Records from a collection:
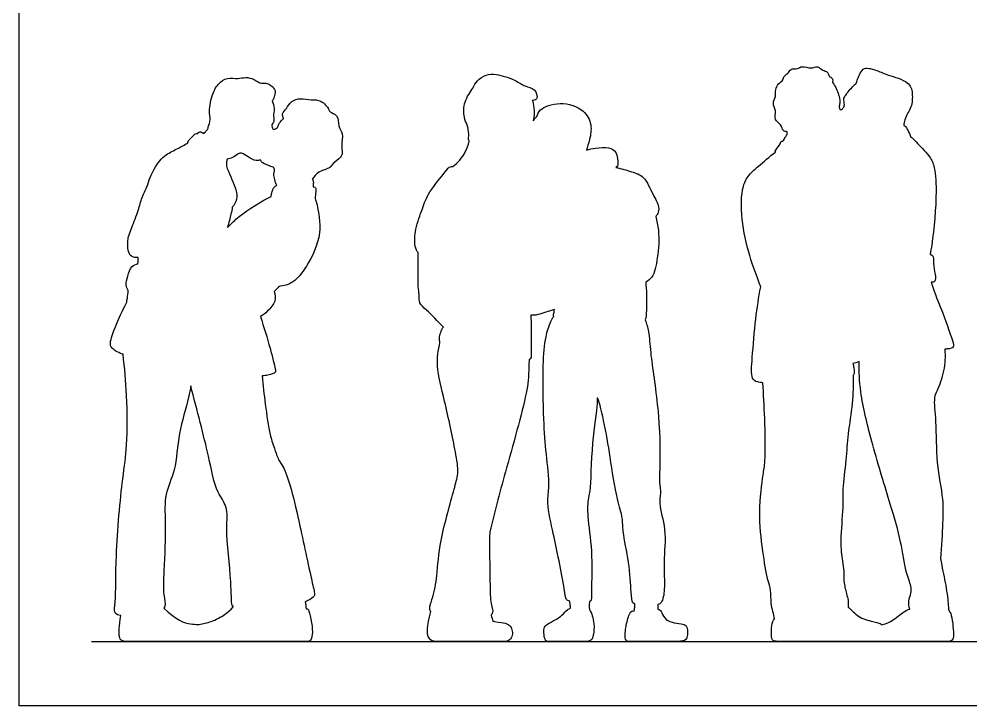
# Model space of a CAD drawing. Header units: millimetres. Extents: x 1 to 7, y 0.3 to 34.9.
# Drawn here: x 1.011 to 4.012, y 10.863 to 13.028 of the extents above; entities that cross this region are included whole.
import ezdxf

# ---------------------------------------------------------------- set-up
doc = ezdxf.new("R2010")
doc.units = ezdxf.units.MM
for name, color, linetype, true_color in [('AG-DIAGRAM', 7, 'Continuous', 0xfecc66), ('AG-OUTLINE', 7, 'Continuous', 0x8000ff), ('X-VPRT', 6, 'Continuous', 0xff00ff)]:
    doc.layers.add(name, color=color, linetype=linetype, true_color=true_color)

msp = doc.modelspace()

# ---------------------------------------------------------------- linework, layer by layer
at = {"layer": 'AG-DIAGRAM'}
msp.add_lwpolyline([(1.2399, 11.066), (6.1167, 11.066)], dxfattribs=at)
at = {"layer": 'AG-OUTLINE'}
for points, knots in [([(3.8836, 12.2856), (3.8851, 12.2954), (3.8945, 12.3509), (3.9059, 12.4817), (3.898, 12.5657), (3.8812, 12.5977), (3.842, 12.6382), (3.828, 12.6532), (3.8226, 12.6562), (3.8199, 12.6636), (3.8128, 12.6768), (3.8067, 12.6902), (3.8017, 12.6921), (3.8001, 12.6924), (3.8007, 12.6993), (3.8029, 12.7122), (3.8118, 12.7303), (3.826, 12.7527), (3.8292, 12.7958), (3.8173, 12.8336), (3.7496, 12.8511), (3.719, 12.8655), (3.6748, 12.8791), (3.6629, 12.8576), (3.6539, 12.8392), (3.6512, 12.8296), (3.6501, 12.8248), (3.6476, 12.8232), (3.6362, 12.8137), (3.6172, 12.789), (3.609, 12.7774), (3.6148, 12.7584), (3.61, 12.7487), (3.6048, 12.7433), (3.6017, 12.7413), (3.6013, 12.7418), (3.5987, 12.7445), (3.5953, 12.7509), (3.5995, 12.7643), (3.5975, 12.7854), (3.5849, 12.8165), (3.5768, 12.8271), (3.5752, 12.8288), (3.5763, 12.8328), (3.5777, 12.8431), (3.5622, 12.8467), (3.5638, 12.8612), (3.5483, 12.865), (3.5363, 12.8738), (3.5269, 12.8803), (3.5074, 12.8705), (3.4794, 12.8824), (3.4662, 12.87), (3.4429, 12.8735), (3.4353, 12.8551), (3.4217, 12.8505), (3.4212, 12.8346), (3.404, 12.8258), (3.3939, 12.8059), (3.3986, 12.7842), (3.3843, 12.7626), (3.3997, 12.7395), (3.3896, 12.7096), (3.4152, 12.6972), (3.4178, 12.6745), (3.4283, 12.6734), (3.4323, 12.6731), (3.4322, 12.6704), (3.4321, 12.6676), (3.4322, 12.6647), (3.4302, 12.6613), (3.4262, 12.6545), (3.4215, 12.6469), (3.4192, 12.643), (3.418, 12.6435), (3.414, 12.6445), (3.4106, 12.6341), (3.3966, 12.6165), (3.3941, 12.6105), (3.3954, 12.6088), (3.3771, 12.5948), (3.3426, 12.565), (3.3147, 12.5411), (3.2871, 12.5), (3.2873, 12.3937), (3.3106, 12.2858), (3.3394, 12.2126), (3.3481, 12.1873), (3.3492, 12.1842), (3.3431, 12.1505), (3.3324, 12.084), (3.323, 11.9671), (3.3176, 11.895), (3.334, 11.8848), (3.3496, 11.8823), (3.3558, 11.8816), (3.3586, 11.8441), (3.3623, 11.7749), (3.3649, 11.6339), (3.3559, 11.592), (3.3415, 11.4709), (3.3544, 11.3565), (3.3693, 11.2615), (3.3831, 11.2294), (3.3803, 11.1871), (3.3879, 11.1609), (3.3911, 11.1451), (3.3929, 11.1376), (3.388, 11.1325), (3.3829, 11.1193), (3.3826, 11.0751), (3.3862, 11.0691), (3.3925, 11.0676), (3.3988, 11.066), (3.4203, 11.066), (3.5151, 11.066), (3.5715, 11.066), (3.585, 11.066), (3.5947, 11.066), (3.5975, 11.0662), (3.6212, 11.066), (3.6478, 11.066), (3.6671, 11.0661), (3.6704, 11.066), (3.6814, 11.066), (3.7076, 11.066), (3.7626, 11.066), (3.8563, 11.066), (3.9362, 11.066), (3.951, 11.066), (3.9584, 11.0785), (3.9557, 11.1132), (3.9512, 11.1508), (3.9444, 11.1622), (3.9412, 11.1654), (3.9409, 11.1722), (3.9404, 11.1863), (3.932, 11.256), (3.9204, 11.2982), (3.9163, 11.3277), (3.9197, 11.3648), (3.9223, 11.4403), (3.926, 11.5151), (3.9005, 11.6312), (3.9036, 11.7532), (3.8929, 11.834), (3.9066, 11.8565), (3.9295, 11.9216), (3.931, 11.9648), (3.9297, 11.9874), (3.9322, 11.9877), (3.9457, 11.9892), (3.9606, 11.992), (3.9523, 12.0198), (3.921, 12.1112), (3.8935, 12.174), (3.8864, 12.1989), (3.8908, 12.1986), (3.9014, 12.1992), (3.8996, 12.226), (3.8917, 12.2562), (3.8951, 12.2828), (3.8861, 12.2858), (3.8836, 12.2856)], [-5.941937, -5.941937, -5.941937, -5.941937, -5.773603, -5.038796, -4.529454, -4.195976, -3.762078, -3.527827, -3.527827, -3.527827, -3.25236, -3.02973, -2.949209, -2.949209, -2.949209, -2.691842, -2.387389, -2.150577, -1.795011, -1.452161, -0.999536, -0.646381, -0.292253, -0.038342, 0.219236, 0.435727, 0.435727, 0.435727, 0.554805, 0.903812, 1.113353, 1.351643, 1.533483, 1.719188, 1.719188, 1.719188, 1.750927, 1.920508, 2.1219, 2.384331, 2.746704, 2.8332, 2.8332, 2.8332, 3.031279, 3.230248, 3.41759, 3.628647, 3.85018, 4.026955, 4.278541, 4.576725, 4.803047, 5.056678, 5.290521, 5.491253, 5.695837, 5.935612, 6.193522, 6.45455, 6.722986, 7.005193, 7.297177, 7.573071, 7.82343, 8.020949, 8.020949, 8.020949, 8.093968, 8.093968, 8.093968, 8.288123, 8.495515, 8.495515, 8.495515, 8.556875, 8.738005, 9.015229, 9.161647, 9.161647, 9.161647, 9.624956, 9.96651, 10.344066, 10.917305, 11.530198, 12.078716, 12.159618, 12.159618, 12.159618, 12.732283, 13.356956, 13.811601, 14.06574, 14.198806, 14.198806, 14.198806, 14.799565, 15.452464, 15.832374, 16.43852, 17.071368, 17.612561, 17.944497, 18.302561, 18.598907, 18.872134, 18.872134, 18.872134, 18.980263, 19.101612, 19.222961, 19.222961, 19.222961, 19.344349, 19.465737, 19.465738, 19.587125, 19.647683, 19.647683, 19.647683, 19.725984, 19.725984, 19.725984, 19.775895, 19.858679, 19.909038, 20.042181, 20.175324, 20.308467, 20.441611, 20.574754, 20.707897, 20.826125, 20.826125, 20.826125, 21.081569, 21.544853, 22.018858, 22.018858, 22.018858, 22.617039, 23.10749, 23.717202, 24.360368, 24.848341, 25.129454, 25.586947, 26.053161, 26.053161, 26.053161, 26.106917, 26.363234, 26.618495, 27.211837, 27.652422, 27.652422, 27.652422, 27.84529, 28.109955, 28.444873, 28.727374, 28.841558, 28.841558, 28.841558, 28.841558]), ([(1.9358, 12.5236), (1.9414, 12.5319), (1.9531, 12.5485), (1.9938, 12.5577), (1.9993, 12.5741), (2.0273, 12.5911), (2.0309, 12.6082), (2.0261, 12.6304), (2.0351, 12.6679), (2.0149, 12.6894), (2.0201, 12.7269), (1.9892, 12.7344), (1.9886, 12.7451), (1.964, 12.7752), (1.9325, 12.7724), (1.8987, 12.7797), (1.8689, 12.7715), (1.8556, 12.7464), (1.8384, 12.7307), (1.8432, 12.7195), (1.8456, 12.7152), (1.8446, 12.7143), (1.8375, 12.7074), (1.8287, 12.6987), (1.8281, 12.6847), (1.8172, 12.6807), (1.8124, 12.6803), (1.8101, 12.6855), (1.8057, 12.6952), (1.8171, 12.7046), (1.8118, 12.7217), (1.8175, 12.7465), (1.8125, 12.7627), (1.8095, 12.7704), (1.8104, 12.7712), (1.8132, 12.7748), (1.8165, 12.788), (1.823, 12.8083), (1.789, 12.8311), (1.7752, 12.822), (1.7524, 12.84), (1.7253, 12.8461), (1.7014, 12.839), (1.6669, 12.8457), (1.6368, 12.8242), (1.6178, 12.7874), (1.6083, 12.7318), (1.6174, 12.7066), (1.6063, 12.6894), (1.6074, 12.6843), (1.6074, 12.684), (1.6059, 12.6816), (1.6027, 12.6769), (1.5971, 12.6709), (1.5941, 12.6681), (1.5885, 12.6712), (1.5807, 12.6746), (1.5761, 12.6695), (1.5745, 12.6674), (1.5715, 12.6682), (1.5655, 12.6676), (1.5578, 12.6569), (1.5445, 12.6456), (1.5431, 12.6392), (1.5438, 12.6379), (1.533, 12.6321), (1.5114, 12.6195), (1.4722, 12.6019), (1.4372, 12.5632), (1.4205, 12.5199), (1.4145, 12.4993), (1.4072, 12.4855), (1.3949, 12.4555), (1.3909, 12.4363), (1.3716, 12.3821), (1.3528, 12.3398), (1.3534, 12.2991), (1.3629, 12.2784), (1.3797, 12.2756), (1.387, 12.2765), (1.3867, 12.2697), (1.3864, 12.263), (1.3862, 12.2568), (1.3795, 12.2554), (1.364, 12.251), (1.3538, 12.2176), (1.3457, 12.1906), (1.3523, 12.1778), (1.3558, 12.1725), (1.3546, 12.1642), (1.3534, 12.15), (1.3511, 12.1396), (1.3507, 12.1361), (1.3462, 12.127), (1.337, 12.1084), (1.3119, 12.0523), (1.2955, 12.0048), (1.3046, 11.9886), (1.3204, 11.9782), (1.3385, 11.9716), (1.3391, 11.9714), (1.3445, 11.9281), (1.3522, 11.8442), (1.3534, 11.6812), (1.3366, 11.5795), (1.314, 11.3408), (1.3175, 11.1994), (1.3085, 11.1551), (1.3235, 11.1488), (1.3326, 11.1477), (1.3256, 11.1125), (1.326, 11.0778), (1.3339, 11.066), (1.3597, 11.066), (1.398, 11.066), (1.5268, 11.066), (1.5637, 11.066), (1.5712, 11.0661), (1.5795, 11.066), (1.6124, 11.066), (1.6867, 11.066), (1.7533, 11.066), (1.7728, 11.066), (1.7728, 11.066), (1.786, 11.066), (1.8315, 11.066), (1.9126, 11.066), (1.9297, 11.066), (1.9354, 11.0785), (1.9372, 11.1115), (1.926, 11.1626), (1.9213, 11.1691), (1.9175, 11.1696), (1.916, 11.1693), (1.9152, 11.1766), (1.9145, 11.1839), (1.9137, 11.1913), (1.9256, 11.1959), (1.9405, 11.2049), (1.9442, 11.2167), (1.9317, 11.2652), (1.8942, 11.4455), (1.8694, 11.551), (1.8423, 11.6237), (1.8307, 11.6335), (1.8169, 11.6728), (1.801, 11.7174), (1.7865, 11.8165), (1.7804, 11.8733), (1.7782, 11.9031), (1.7846, 11.9038), (1.8027, 11.9064), (1.8215, 11.9125), (1.8187, 11.9282), (1.8031, 11.9912), (1.7832, 12.057), (1.772, 12.0907), (1.78, 12.0937), (1.7952, 12.1078), (1.8225, 12.1377), (1.8185, 12.1597), (1.8156, 12.1692), (1.8205, 12.1746), (1.8255, 12.18), (1.8302, 12.1853), (1.8456, 12.1871), (1.8793, 12.1958), (1.9212, 12.2499), (1.97, 12.35), (1.9527, 12.4333), (1.9473, 12.4573), (1.9443, 12.4622), (1.9457, 12.4692), (1.9463, 12.4826), (1.9482, 12.4973), (1.9427, 12.4988), (1.9386, 12.4996), (1.9385, 12.4997), (1.9386, 12.5019), (1.9385, 12.506), (1.9397, 12.5182), (1.9367, 12.5228), (1.9358, 12.5236)], [-5.20032, -5.20032, -5.20032, -5.20032, -4.887203, -4.537847, -4.306439, -3.991594, -3.764949, -3.495009, -3.152456, -2.853147, -2.529541, -2.24678, -2.070681, -1.736192, -1.418547, -1.083845, -0.780498, -0.479758, -0.217909, 0, 0, 0, 0.039818, 0.293201, 0.489898, 0.708105, 0.708105, 0.708105, 0.919232, 1.114894, 1.343352, 1.629652, 1.914647, 1.914647, 1.914647, 1.990879, 2.210655, 2.460387, 2.794239, 3.005615, 3.296619, 3.59555, 3.877348, 4.205296, 4.535494, 4.906211, 5.329831, 5.623027, 5.884948, 5.900789, 5.900789, 5.900789, 6.067547, 6.267836, 6.267836, 6.267836, 6.478289, 6.638417, 6.638417, 6.638417, 6.800855, 7.005962, 7.249952, 7.384383, 7.384383, 7.384383, 7.731102, 8.098635, 8.535714, 8.892861, 8.892861, 8.892861, 9.284295, 9.54535, 9.969063, 10.370691, 10.72503, 10.981882, 11.249769, 11.249769, 11.249769, 11.395105, 11.395105, 11.395105, 11.65363, 11.982911, 12.28504, 12.533846, 12.533846, 12.533846, 12.728551, 12.85582, 12.85582, 12.85582, 13.170465, 13.625582, 14.022262, 14.237711, 14.587907, 14.598991, 14.598991, 14.598991, 15.251628, 15.962492, 16.556886, 17.444006, 18.132726, 18.471634, 18.700913, 18.700913, 18.700913, 18.85091, 19.000906, 19.150902, 19.300899, 19.450895, 19.499136, 19.499136, 19.499136, 19.548322, 19.67366, 19.798998, 19.799036, 19.799036, 19.799036, 19.853511, 19.978849, 20.104187, 20.229525, 20.354863, 20.480201, 20.605539, 20.666774, 20.666774, 20.666774, 20.738658, 20.738658, 20.738658, 21.010553, 21.191722, 21.572392, 22.352048, 22.982458, 23.452437, 23.668807, 24.017607, 24.420944, 24.985918, 25.525928, 25.525928, 25.525928, 25.662319, 25.944735, 26.133253, 26.600995, 27.132262, 27.132262, 27.132262, 27.438094, 27.792472, 28.103857, 28.103857, 28.103857, 28.22382, 28.22382, 28.22382, 28.61357, 29.076692, 29.680027, 30.218124, 30.420299, 30.420299, 30.420299, 30.68577, 30.887346, 31.044881, 31.049541, 31.049541, 31.049541, 31.194797, 31.411584, 31.47275, 31.47275, 31.47275, 31.47275]), ([(3.0184, 12.4054), (3.0209, 12.4084), (3.0257, 12.4153), (3.0311, 12.439), (3.0077, 12.4749), (2.9852, 12.5343), (2.9412, 12.5467), (2.9095, 12.5575), (2.893, 12.5603), (2.8969, 12.5637), (2.9011, 12.5709), (2.8966, 12.6117), (2.8703, 12.6248), (2.8277, 12.6229), (2.809, 12.6179), (2.7997, 12.6146), (2.8018, 12.6251), (2.8116, 12.6494), (2.8181, 12.6963), (2.7938, 12.7452), (2.7186, 12.7716), (2.6513, 12.7468), (2.646, 12.7287), (2.6433, 12.7213), (2.6391, 12.7173), (2.6352, 12.7122), (2.6324, 12.7075), (2.6338, 12.715), (2.6359, 12.7295), (2.6334, 12.7609), (2.6302, 12.7688), (2.6292, 12.7715), (2.6312, 12.7718), (2.638, 12.7729), (2.6474, 12.7773), (2.639, 12.8114), (2.6038, 12.8151), (2.5771, 12.8373), (2.5158, 12.8565), (2.4845, 12.8544), (2.4531, 12.8352), (2.4427, 12.8097), (2.4116, 12.7689), (2.4126, 12.7191), (2.4242, 12.6944), (2.4309, 12.6676), (2.4273, 12.6477), (2.4301, 12.6437), (2.4307, 12.6431), (2.428, 12.6314), (2.4194, 12.6089), (2.4013, 12.5831), (2.3863, 12.5692), (2.3782, 12.5632), (2.3758, 12.5635), (2.367, 12.5633), (2.3553, 12.5458), (2.3008, 12.4834), (2.283, 12.4299), (2.2602, 12.371), (2.2567, 12.3153), (2.2649, 12.2961), (2.2694, 12.2922), (2.269, 12.2843), (2.2696, 12.2534), (2.2685, 12.1777), (2.2739, 12.1581), (2.2714, 12.1301), (2.2969, 12.1125), (2.3322, 12.0739), (2.349, 12.0573), (2.3416, 12.0475), (2.3354, 12.0254), (2.3366, 12.0129), (2.3382, 12.0091), (2.3328, 11.9847), (2.3243, 11.9314), (2.3543, 11.8232), (2.3861, 11.6707), (2.3954, 11.6168), (2.395, 11.5954), (2.3917, 11.5797), (2.3798, 11.532), (2.3361, 11.3845), (2.3301, 11.2785), (2.3185, 11.2064), (2.3025, 11.1727), (2.3081, 11.1622), (2.3094, 11.1606), (2.2955, 11.1113), (2.2996, 11.0736), (2.317, 11.066), (2.3467, 11.066), (2.403, 11.066), (2.4292, 11.066), (2.4447, 11.066), (2.4657, 11.066), (2.479, 11.066), (2.4966, 11.066), (2.5376, 11.066), (2.5549, 11.066), (2.5664, 11.0819), (2.5671, 11.0981), (2.5615, 11.1155), (2.5455, 11.1249), (2.5269, 11.1265), (2.5065, 11.1298), (2.5044, 11.1302), (2.5031, 11.1357), (2.5015, 11.1418), (2.4996, 11.1487), (2.5017, 11.1515), (2.5061, 11.1614), (2.5014, 11.1769), (2.4956, 11.2011), (2.4963, 11.2837), (2.4934, 11.3723), (2.4951, 11.4108), (2.5118, 11.4822), (2.5484, 11.6155), (2.6167, 11.8573), (2.6173, 11.9047), (2.619, 11.9547), (2.6205, 11.9552), (2.6277, 11.9592), (2.6241, 11.9853), (2.6262, 12.0564), (2.6251, 12.0819), (2.6248, 12.0953), (2.6371, 12.0923), (2.6659, 12.1027), (2.6905, 12.1094), (2.6994, 12.1127), (2.6988, 12.11), (2.6981, 12.105), (2.6949, 12.0945), (2.6961, 12.0911), (2.6968, 12.0904), (2.6935, 12.0861), (2.6831, 12.0681), (2.6693, 12.0215), (2.6616, 11.9341), (2.6641, 11.7651), (2.6723, 11.6614), (2.6855, 11.5554), (2.6734, 11.5035), (2.6964, 11.403), (2.7131, 11.3238), (2.7298, 11.2367), (2.7346, 11.1979), (2.7406, 11.1951), (2.746, 11.1939), (2.747, 11.1937), (2.7475, 11.1902), (2.7485, 11.1832), (2.7494, 11.175), (2.7498, 11.171), (2.7467, 11.17), (2.7381, 11.1657), (2.7229, 11.1477), (2.7033, 11.1348), (2.6731, 11.1198), (2.6651, 11.109), (2.6653, 11.0878), (2.6688, 11.0733), (2.6713, 11.0697), (2.6739, 11.066), (2.6807, 11.066), (2.7476, 11.066), (2.7893, 11.066), (2.8135, 11.066), (2.8208, 11.0776), (2.8256, 11.1155), (2.8197, 11.1421), (2.8145, 11.159), (2.8111, 11.1645), (2.8099, 11.1658), (2.8091, 11.1699), (2.8082, 11.1784), (2.8088, 11.1876), (2.8095, 11.1921), (2.811, 11.1927), (2.8166, 11.1962), (2.8139, 11.2181), (2.8211, 11.3404), (2.8035, 11.4431), (2.8027, 11.5136), (2.8139, 11.5404), (2.8144, 11.6933), (2.8353, 11.8062), (2.8326, 11.8507), (2.859, 11.7484), (2.8738, 11.6518), (2.8945, 11.5177), (2.9155, 11.4564), (2.913, 11.4107), (2.936, 11.3151), (2.9405, 11.2269), (2.9427, 11.1892), (2.9497, 11.1849), (2.952, 11.1843), (2.9523, 11.18), (2.9521, 11.1715), (2.9511, 11.1653), (2.9505, 11.1622), (2.9451, 11.1636), (2.9349, 11.1603), (2.9228, 11.1071), (2.922, 11.0891), (2.922, 11.066), (2.9421, 11.066), (2.9747, 11.066), (3.0661, 11.066), (3.1099, 11.066), (3.1172, 11.0773), (3.1193, 11.0972), (3.1161, 11.1179), (3.1011, 11.1219), (3.068, 11.1248), (3.0449, 11.1383), (3.0344, 11.1641), (3.0307, 11.1664), (3.0253, 11.1677), (3.0246, 11.1678), (3.0248, 11.1727), (3.0249, 11.1775), (3.0251, 11.1824), (3.0298, 11.1836), (3.0398, 11.1901), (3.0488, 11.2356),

PROBLEM DESCRIPTION: Report all lines of the data above that include the string "color".

ANSWER BOX:
for name, color, linetype, true_color in [('AG-DIAGRAM', 7, 'Continuous', 0xfecc66), ('AG-OUTLINE', 7, 'Continuous', 0x8000ff), ('X-VPRT', 6, 'Continuous', 0xff00ff)]:
    doc.layers.add(name, color=color, linetype=linetype, true_color=true_color)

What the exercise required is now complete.